• Dataset entries:
--- START ---
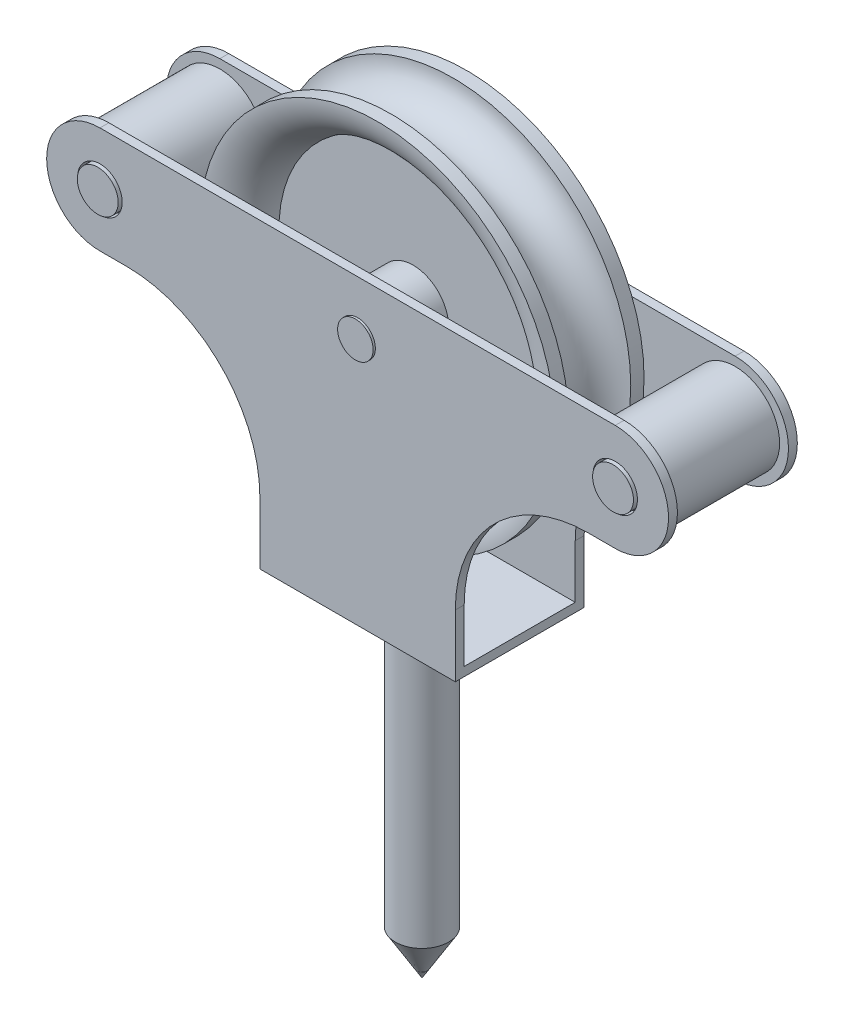
SolidWorks part; units mm, degrees
ref_plane "Front Plane" through (0, 0, 0) normal (0, 0, 1) x (1, 0, 0)
ref_plane "Top Plane" through (0, 0, 0) normal (0, 1, 0) x (1, 0, 0)
ref_plane "Right Plane" through (0, 0, 0) normal (1, 0, 0) x (0, 0, -1)
sketch "Sketch1" plane through (0, 0, 0) normal (1, 0, 0) x (0, 0, -1)
  line L0 (-12.4863, 0) -> (11.3362, 0) construction
  line L1 (55, 0) -> (-55, 0) construction
  line L2 (-7.5, 0) -> (-7.5, 2)
  line L3 (-7.5, 2) -> (-5, 2)
  line L4 (-5, 2) -> (-5, 4)
  line L5 (-5, 4) -> (-1, 4)
  line L6 (-1, 4) -> (-1, 15.101)
  line L7 (0, 55) -> (0, -55) construction
  line L8 (-5, 20) -> (-3.5, 20)
  line L9 (3.5, 20) -> (5, 20)
  line L10 (0, 10.4772) -> (0, 8.593) construction
  line L11 (7.5, 0) -> (7.5, 2)
  line L12 (7.5, 2) -> (5, 2)
  line L13 (5, 2) -> (5, 4)
  line L14 (5, 4) -> (1, 4)
  line L15 (1, 4) -> (1, 15.101)
  line L16 (-7.5, 0) -> (7.5, 0)
  arc A0 (-3.5, 20) -> (3.5, 20) centre (0, 20) ccw
  arc A1 (-5, 20) -> (-1, 15.101) centre (0, 20) ccw
  arc A2 (1, 15.101) -> (5, 20) centre (0, 20) ccw
  dimension "D1" = 10
  dimension "D2" = 7
  dimension "D3" = 20
  dimension "D4" = 7.5
  dimension "D5" = 1
  dimension "D6" = 2
  dimension "D7" = 4
revolve "Revolve1" add sketch "Sketch1" angle 360 about L0
sketch "Sketch3" plane through (0, 0, 0) normal (0, 0, 1) x (1, 0, 0)
  line L0 (-29.0033, 6) -> (29.0033, 6)
  line L1 (0, -8.25) -> (0, 8.25) construction
  line L2 (-29.0033, -6) -> (-26, -6)
  line L3 (-11, -21) -> (-11, -28)
  line L4 (-11, -28) -> (11, -28)
  line L5 (0, -18.4157) -> (0, -30.129) construction
  line L6 (8.25, 0) -> (-8.25, 0) construction
  line L7 (11, -21) -> (11, -28)
  line L8 (29.0033, -6) -> (26, -6)
  circle A0 centre (-29.0033, 0) radius 2.5
  arc A1 (-29.0033, 6) -> (-29.0033, -6) centre (-29.0033, 0) ccw
  arc A2 (-11, -21) -> (-26, -6) centre (-26, -21) ccw
  arc A3 (11, -21) -> (26, -6) centre (26, -21) cw
  arc A4 (29.0033, 6) -> (29.0033, -6) centre (29.0033, 0) cw
  circle A5 centre (29.0033, 0) radius 2.5
  point P11 (0, 6)
  point P25 (0, -28)
  dimension "D1" = 12
  dimension "D2" = 5
  dimension "D3" = 15
  dimension "D4" = 11
  dimension "D5" = 28
extrude "Boss-Extrude1" add sketch "Sketch3" along normal mid plane 14.5 separate body
sketch "Sketch4" plane through (0, 0, 0) normal (1, 0, 0) x (0, 0, -1)
  line L31 (-6.25, 6) -> (6.25, 6)
  line L38 (6.25, -27) -> (6.25, -21)
  line L39 (6.25, -21) -> (6.25, -6)
  line L40 (6.25, -6) -> (6.25, 6)
  line L41 (-6.25, 6) -> (-6.25, -6)
  line L42 (-6.25, -6) -> (-6.25, -21)
  line L43 (-6.25, -21) -> (-6.25, -27)
  line L44 (-6.25, -27) -> (6.25, -27)
  line L45 (6.25, -27) -> (6.25, -21)
  line L46 (6.25, -21) -> (6.25, -6)
  line L47 (6.25, -6) -> (6.25, 6)
  line L48 (-6.25, 6) -> (-6.25, -6)
  line L49 (-6.25, -6) -> (-6.25, -21)
  line L50 (-6.25, -21) -> (-6.25, -27)
  line L51 (-6.25, -27) -> (6.25, -27)
  dimension "D1" = 1
extrude "Cut-Extrude3" cut sketch "Sketch4" against normal mid plane 80
sketch "Sketch5" plane through (0, -28, 0) normal (0, -1, 0) x (1, 0, 0)
  circle A0 centre (0, 0) radius 3
extrude "Boss-Extrude2" add sketch "Sketch5" along normal blind 38
chamfer "Chamfer1" distance 5 distance2 3 1 edges at (0, -66, -3)
sketch "Sketch6" plane through (0, 0, 0) normal (0, 1, 0) x (1, 0, 0)
  line L0 (-29.0033, 10.0154) -> (-29.0033, -9.4371) construction
  line L1 (-29.0033, 7.5) -> (-29.0033, -7.5)
  line L4 (-29.0033, 7.5) -> (-31.3033, 7.5)
  line L5 (-31.3033, 7.5) -> (-31.3033, 6.25)
  line L6 (-31.5033, 6.25) -> (-26.5033, 6.25) construction
  line L7 (-31.3033, 6.25) -> (-34.0033, 6.25)
  line L8 (-35.0033, 6.25) -> (-29.0033, 6.25) construction
  line L9 (-34.0033, 6.25) -> (-34.0033, -6.25)
  line L10 (-29.0033, -6.25) -> (-35.0033, -6.25) construction
  line L11 (-34.0033, -6.25) -> (-31.3033, -6.25)
  line L12 (-26.5033, -6.25) -> (-31.5033, -6.25) construction
  line L13 (-31.3033, -6.25) -> (-31.3033, -7.5)
  line L14 (-31.3033, -7.5) -> (-29.0033, -7.5)
  line L15 (-38.5037, 0) -> (38.5037, 0) construction
  dimension "D1" = 15
  dimension "D2" = 7.5
  dimension "D3" = 5
  dimension "D4" = 2.3
  dimension "D5" = 2.3
revolve "Revolve6" add sketch "Sketch6" angle 360 about L0
pattern_circular "CirPattern3" count 2 over 360 about axis through (0, 0, 0) along (0, 0, 1) of bodies 106
sketch "Sketch7" plane through (0, 0, 0) normal (0, 0, 1) x (1, 0, 0)
  line L0 (0, 16.4853) -> (92.3023, 16.4853)
  line L1 (0, -8.25) -> (0, 8.25) construction
  line L2 (16.8338, 0) -> (16.8338, -66.6023)
  line L3 (8.25, 0) -> (-8.25, 0) construction
--- END ---
• The problem:
Print again the lines of the entries above that fall between the line holding "line L45 (6.25, -27) -> (6.25, -21)" and the line holding "line L1 (-29.0033, 7.5) -> (-29.0033, -7.5)", inclusive, exactly as they stand.

• Task answer:
  line L45 (6.25, -27) -> (6.25, -21)
  line L46 (6.25, -21) -> (6.25, -6)
  line L47 (6.25, -6) -> (6.25, 6)
  line L48 (-6.25, 6) -> (-6.25, -6)
  line L49 (-6.25, -6) -> (-6.25, -21)
  line L50 (-6.25, -21) -> (-6.25, -27)
  line L51 (-6.25, -27) -> (6.25, -27)
  dimension "D1" = 1
extrude "Cut-Extrude3" cut sketch "Sketch4" against normal mid plane 80
sketch "Sketch5" plane through (0, -28, 0) normal (0, -1, 0) x (1, 0, 0)
  circle A0 centre (0, 0) radius 3
extrude "Boss-Extrude2" add sketch "Sketch5" along normal blind 38
chamfer "Chamfer1" distance 5 distance2 3 1 edges at (0, -66, -3)
sketch "Sketch6" plane through (0, 0, 0) normal (0, 1, 0) x (1, 0, 0)
  line L0 (-29.0033, 10.0154) -> (-29.0033, -9.4371) construction
  line L1 (-29.0033, 7.5) -> (-29.0033, -7.5)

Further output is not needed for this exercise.